• WHAT THE TASK REQUIRES
Identify and pull out each line of the entries in which "linecap" occurs.

** Opening DATA TO PROCESS block **

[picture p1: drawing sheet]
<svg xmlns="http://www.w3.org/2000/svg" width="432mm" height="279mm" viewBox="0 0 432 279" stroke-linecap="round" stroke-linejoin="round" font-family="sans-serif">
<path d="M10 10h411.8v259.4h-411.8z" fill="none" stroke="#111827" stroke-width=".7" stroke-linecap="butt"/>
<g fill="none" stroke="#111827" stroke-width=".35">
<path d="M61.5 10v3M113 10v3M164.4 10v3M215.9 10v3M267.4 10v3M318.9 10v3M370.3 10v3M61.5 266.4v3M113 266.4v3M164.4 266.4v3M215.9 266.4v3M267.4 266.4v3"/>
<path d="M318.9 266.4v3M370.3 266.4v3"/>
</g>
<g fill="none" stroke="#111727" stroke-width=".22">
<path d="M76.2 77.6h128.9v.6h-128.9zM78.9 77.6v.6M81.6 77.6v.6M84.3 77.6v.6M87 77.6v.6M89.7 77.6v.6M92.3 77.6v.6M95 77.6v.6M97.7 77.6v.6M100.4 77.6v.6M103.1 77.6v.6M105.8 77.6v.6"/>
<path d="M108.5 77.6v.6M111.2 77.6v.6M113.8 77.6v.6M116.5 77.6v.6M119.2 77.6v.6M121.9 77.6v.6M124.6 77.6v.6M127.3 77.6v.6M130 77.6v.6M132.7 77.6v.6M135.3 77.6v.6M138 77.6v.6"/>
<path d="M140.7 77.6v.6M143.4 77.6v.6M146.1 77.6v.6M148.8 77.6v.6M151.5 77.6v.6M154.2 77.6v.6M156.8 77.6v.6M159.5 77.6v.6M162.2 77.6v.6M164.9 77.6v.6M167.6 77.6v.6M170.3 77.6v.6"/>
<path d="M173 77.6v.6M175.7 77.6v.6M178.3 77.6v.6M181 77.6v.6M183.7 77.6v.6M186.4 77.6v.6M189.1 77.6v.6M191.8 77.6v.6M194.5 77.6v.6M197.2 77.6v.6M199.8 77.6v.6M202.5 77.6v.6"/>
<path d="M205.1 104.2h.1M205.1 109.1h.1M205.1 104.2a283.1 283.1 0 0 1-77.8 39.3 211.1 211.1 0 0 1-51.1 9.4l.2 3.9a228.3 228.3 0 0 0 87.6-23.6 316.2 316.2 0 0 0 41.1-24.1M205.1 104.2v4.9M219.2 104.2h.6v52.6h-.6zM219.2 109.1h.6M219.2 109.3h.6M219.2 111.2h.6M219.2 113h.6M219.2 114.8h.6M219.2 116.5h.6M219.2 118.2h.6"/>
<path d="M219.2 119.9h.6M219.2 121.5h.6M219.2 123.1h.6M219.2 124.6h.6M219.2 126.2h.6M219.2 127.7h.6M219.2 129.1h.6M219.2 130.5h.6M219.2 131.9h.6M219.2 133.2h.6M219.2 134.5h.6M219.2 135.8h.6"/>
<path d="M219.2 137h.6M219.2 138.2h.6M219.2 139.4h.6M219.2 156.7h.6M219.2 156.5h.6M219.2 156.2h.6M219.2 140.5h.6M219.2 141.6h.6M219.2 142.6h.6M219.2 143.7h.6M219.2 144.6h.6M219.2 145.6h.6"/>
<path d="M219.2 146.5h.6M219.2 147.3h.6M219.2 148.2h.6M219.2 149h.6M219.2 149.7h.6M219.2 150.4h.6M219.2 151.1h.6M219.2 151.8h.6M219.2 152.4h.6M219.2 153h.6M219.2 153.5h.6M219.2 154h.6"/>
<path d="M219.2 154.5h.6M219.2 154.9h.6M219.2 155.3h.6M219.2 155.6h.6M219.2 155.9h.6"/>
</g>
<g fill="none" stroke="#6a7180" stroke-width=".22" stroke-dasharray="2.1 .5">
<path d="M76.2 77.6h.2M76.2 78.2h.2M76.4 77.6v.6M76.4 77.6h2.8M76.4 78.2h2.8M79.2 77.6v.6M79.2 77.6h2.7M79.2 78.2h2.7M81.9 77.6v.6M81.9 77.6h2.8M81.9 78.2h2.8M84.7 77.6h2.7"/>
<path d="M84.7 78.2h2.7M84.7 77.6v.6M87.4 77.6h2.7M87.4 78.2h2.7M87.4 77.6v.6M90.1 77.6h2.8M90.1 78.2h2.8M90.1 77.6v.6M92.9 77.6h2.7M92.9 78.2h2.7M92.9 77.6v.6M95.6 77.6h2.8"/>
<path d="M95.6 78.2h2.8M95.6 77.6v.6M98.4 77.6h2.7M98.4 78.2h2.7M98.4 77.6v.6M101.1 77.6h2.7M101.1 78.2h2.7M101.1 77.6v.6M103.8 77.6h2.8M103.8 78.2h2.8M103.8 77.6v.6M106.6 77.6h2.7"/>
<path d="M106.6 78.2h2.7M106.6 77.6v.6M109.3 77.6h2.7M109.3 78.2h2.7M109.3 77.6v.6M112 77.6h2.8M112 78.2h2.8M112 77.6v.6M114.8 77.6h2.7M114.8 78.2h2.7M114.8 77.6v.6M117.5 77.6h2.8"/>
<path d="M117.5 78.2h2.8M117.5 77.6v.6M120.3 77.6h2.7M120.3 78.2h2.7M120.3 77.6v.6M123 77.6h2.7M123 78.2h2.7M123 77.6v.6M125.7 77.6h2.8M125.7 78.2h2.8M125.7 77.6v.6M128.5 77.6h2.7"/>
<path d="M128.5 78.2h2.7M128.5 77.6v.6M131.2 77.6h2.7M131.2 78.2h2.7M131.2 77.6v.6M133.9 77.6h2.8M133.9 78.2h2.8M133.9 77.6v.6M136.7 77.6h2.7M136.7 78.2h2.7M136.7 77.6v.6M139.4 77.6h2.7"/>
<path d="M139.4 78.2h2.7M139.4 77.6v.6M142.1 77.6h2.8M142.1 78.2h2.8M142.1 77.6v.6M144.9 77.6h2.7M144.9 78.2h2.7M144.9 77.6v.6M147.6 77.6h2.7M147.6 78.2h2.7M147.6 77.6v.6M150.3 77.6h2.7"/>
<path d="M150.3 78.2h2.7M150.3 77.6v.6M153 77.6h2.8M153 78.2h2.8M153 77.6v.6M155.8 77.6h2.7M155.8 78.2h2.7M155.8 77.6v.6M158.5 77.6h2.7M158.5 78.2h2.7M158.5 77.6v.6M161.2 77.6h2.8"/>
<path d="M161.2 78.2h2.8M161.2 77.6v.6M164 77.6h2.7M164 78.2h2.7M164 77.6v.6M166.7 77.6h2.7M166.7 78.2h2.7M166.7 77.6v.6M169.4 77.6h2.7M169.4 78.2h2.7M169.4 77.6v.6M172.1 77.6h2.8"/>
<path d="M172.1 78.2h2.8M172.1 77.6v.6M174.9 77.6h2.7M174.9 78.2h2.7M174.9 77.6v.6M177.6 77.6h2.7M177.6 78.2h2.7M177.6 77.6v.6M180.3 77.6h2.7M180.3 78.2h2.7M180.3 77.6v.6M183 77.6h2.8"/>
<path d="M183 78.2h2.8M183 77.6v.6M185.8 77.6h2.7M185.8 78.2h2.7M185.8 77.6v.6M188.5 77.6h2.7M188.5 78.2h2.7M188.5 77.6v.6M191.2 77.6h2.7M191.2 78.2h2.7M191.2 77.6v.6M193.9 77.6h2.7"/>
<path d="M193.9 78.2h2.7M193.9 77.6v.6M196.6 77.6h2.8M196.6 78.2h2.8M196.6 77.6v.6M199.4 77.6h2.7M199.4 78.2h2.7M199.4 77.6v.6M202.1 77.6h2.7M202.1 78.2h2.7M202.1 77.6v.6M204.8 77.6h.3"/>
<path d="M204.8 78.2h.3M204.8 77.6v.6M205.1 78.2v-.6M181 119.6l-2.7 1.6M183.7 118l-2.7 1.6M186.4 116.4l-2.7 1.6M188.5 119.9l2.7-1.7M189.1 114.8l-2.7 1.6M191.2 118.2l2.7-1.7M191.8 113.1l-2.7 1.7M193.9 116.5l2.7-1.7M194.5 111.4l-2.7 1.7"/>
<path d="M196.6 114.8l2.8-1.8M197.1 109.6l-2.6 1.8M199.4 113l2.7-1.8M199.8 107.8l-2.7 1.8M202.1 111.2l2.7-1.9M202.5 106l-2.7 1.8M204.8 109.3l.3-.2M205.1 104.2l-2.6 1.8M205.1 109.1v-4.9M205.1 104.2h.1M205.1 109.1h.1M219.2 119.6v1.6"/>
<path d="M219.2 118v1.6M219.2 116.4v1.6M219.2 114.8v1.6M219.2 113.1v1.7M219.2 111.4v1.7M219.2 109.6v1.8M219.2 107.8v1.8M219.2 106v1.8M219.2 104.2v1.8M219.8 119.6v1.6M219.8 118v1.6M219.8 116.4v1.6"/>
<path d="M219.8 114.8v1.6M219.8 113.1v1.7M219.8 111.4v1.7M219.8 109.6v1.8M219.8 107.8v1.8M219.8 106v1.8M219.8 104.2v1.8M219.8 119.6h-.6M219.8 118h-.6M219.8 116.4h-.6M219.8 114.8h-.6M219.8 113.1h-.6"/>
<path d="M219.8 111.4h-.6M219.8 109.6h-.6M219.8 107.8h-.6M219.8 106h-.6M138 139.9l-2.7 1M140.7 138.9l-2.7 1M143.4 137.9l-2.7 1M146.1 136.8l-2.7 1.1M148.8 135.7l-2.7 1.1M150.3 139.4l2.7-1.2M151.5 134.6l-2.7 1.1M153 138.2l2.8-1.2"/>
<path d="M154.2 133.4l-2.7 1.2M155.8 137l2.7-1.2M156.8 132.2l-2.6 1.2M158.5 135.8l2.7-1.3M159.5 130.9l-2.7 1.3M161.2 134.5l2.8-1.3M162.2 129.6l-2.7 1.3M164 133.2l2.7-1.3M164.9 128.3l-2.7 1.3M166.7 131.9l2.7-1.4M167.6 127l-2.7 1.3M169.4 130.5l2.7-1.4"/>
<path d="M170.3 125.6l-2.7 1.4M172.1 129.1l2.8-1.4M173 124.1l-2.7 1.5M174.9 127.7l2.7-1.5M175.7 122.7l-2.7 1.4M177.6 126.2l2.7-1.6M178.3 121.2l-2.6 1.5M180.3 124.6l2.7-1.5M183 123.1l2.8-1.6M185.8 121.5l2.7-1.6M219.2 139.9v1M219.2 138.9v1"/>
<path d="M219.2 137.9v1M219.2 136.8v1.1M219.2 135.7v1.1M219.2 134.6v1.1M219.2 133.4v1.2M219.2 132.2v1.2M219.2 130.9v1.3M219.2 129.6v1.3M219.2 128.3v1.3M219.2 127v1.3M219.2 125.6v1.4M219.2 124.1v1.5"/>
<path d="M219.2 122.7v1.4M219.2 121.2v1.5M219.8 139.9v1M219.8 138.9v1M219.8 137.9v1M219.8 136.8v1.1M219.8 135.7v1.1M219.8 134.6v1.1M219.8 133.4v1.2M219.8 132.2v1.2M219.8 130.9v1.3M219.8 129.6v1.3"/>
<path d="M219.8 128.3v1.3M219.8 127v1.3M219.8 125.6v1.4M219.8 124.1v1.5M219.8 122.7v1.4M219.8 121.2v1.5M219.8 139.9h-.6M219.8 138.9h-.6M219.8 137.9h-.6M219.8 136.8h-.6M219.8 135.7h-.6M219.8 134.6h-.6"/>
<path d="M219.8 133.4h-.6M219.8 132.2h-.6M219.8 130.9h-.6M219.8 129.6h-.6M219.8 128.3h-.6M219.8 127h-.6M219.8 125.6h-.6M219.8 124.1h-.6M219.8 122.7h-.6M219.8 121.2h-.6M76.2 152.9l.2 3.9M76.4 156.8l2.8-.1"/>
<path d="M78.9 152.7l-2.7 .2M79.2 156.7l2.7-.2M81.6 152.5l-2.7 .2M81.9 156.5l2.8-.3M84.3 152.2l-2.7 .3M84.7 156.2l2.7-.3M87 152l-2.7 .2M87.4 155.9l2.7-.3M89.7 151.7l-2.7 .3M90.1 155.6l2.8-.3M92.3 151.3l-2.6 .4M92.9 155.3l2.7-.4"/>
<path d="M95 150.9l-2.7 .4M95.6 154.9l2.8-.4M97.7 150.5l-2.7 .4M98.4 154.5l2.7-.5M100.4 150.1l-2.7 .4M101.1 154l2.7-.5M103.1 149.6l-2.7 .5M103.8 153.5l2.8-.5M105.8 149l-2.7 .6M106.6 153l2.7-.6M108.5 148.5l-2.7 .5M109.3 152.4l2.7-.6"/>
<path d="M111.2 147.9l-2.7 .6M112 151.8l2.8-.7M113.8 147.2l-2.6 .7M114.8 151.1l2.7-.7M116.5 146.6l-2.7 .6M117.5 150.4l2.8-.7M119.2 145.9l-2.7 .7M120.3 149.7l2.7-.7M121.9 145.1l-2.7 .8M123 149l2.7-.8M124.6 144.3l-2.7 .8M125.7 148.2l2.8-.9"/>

** Closing DATA TO PROCESS block **

• RESPONSE TO THIS TASK
<svg xmlns="http://www.w3.org/2000/svg" width="432mm" height="279mm" viewBox="0 0 432 279" stroke-linecap="round" stroke-linejoin="round" font-family="sans-serif">
<path d="M10 10h411.8v259.4h-411.8z" fill="none" stroke="#111827" stroke-width=".7" stroke-linecap="butt"/>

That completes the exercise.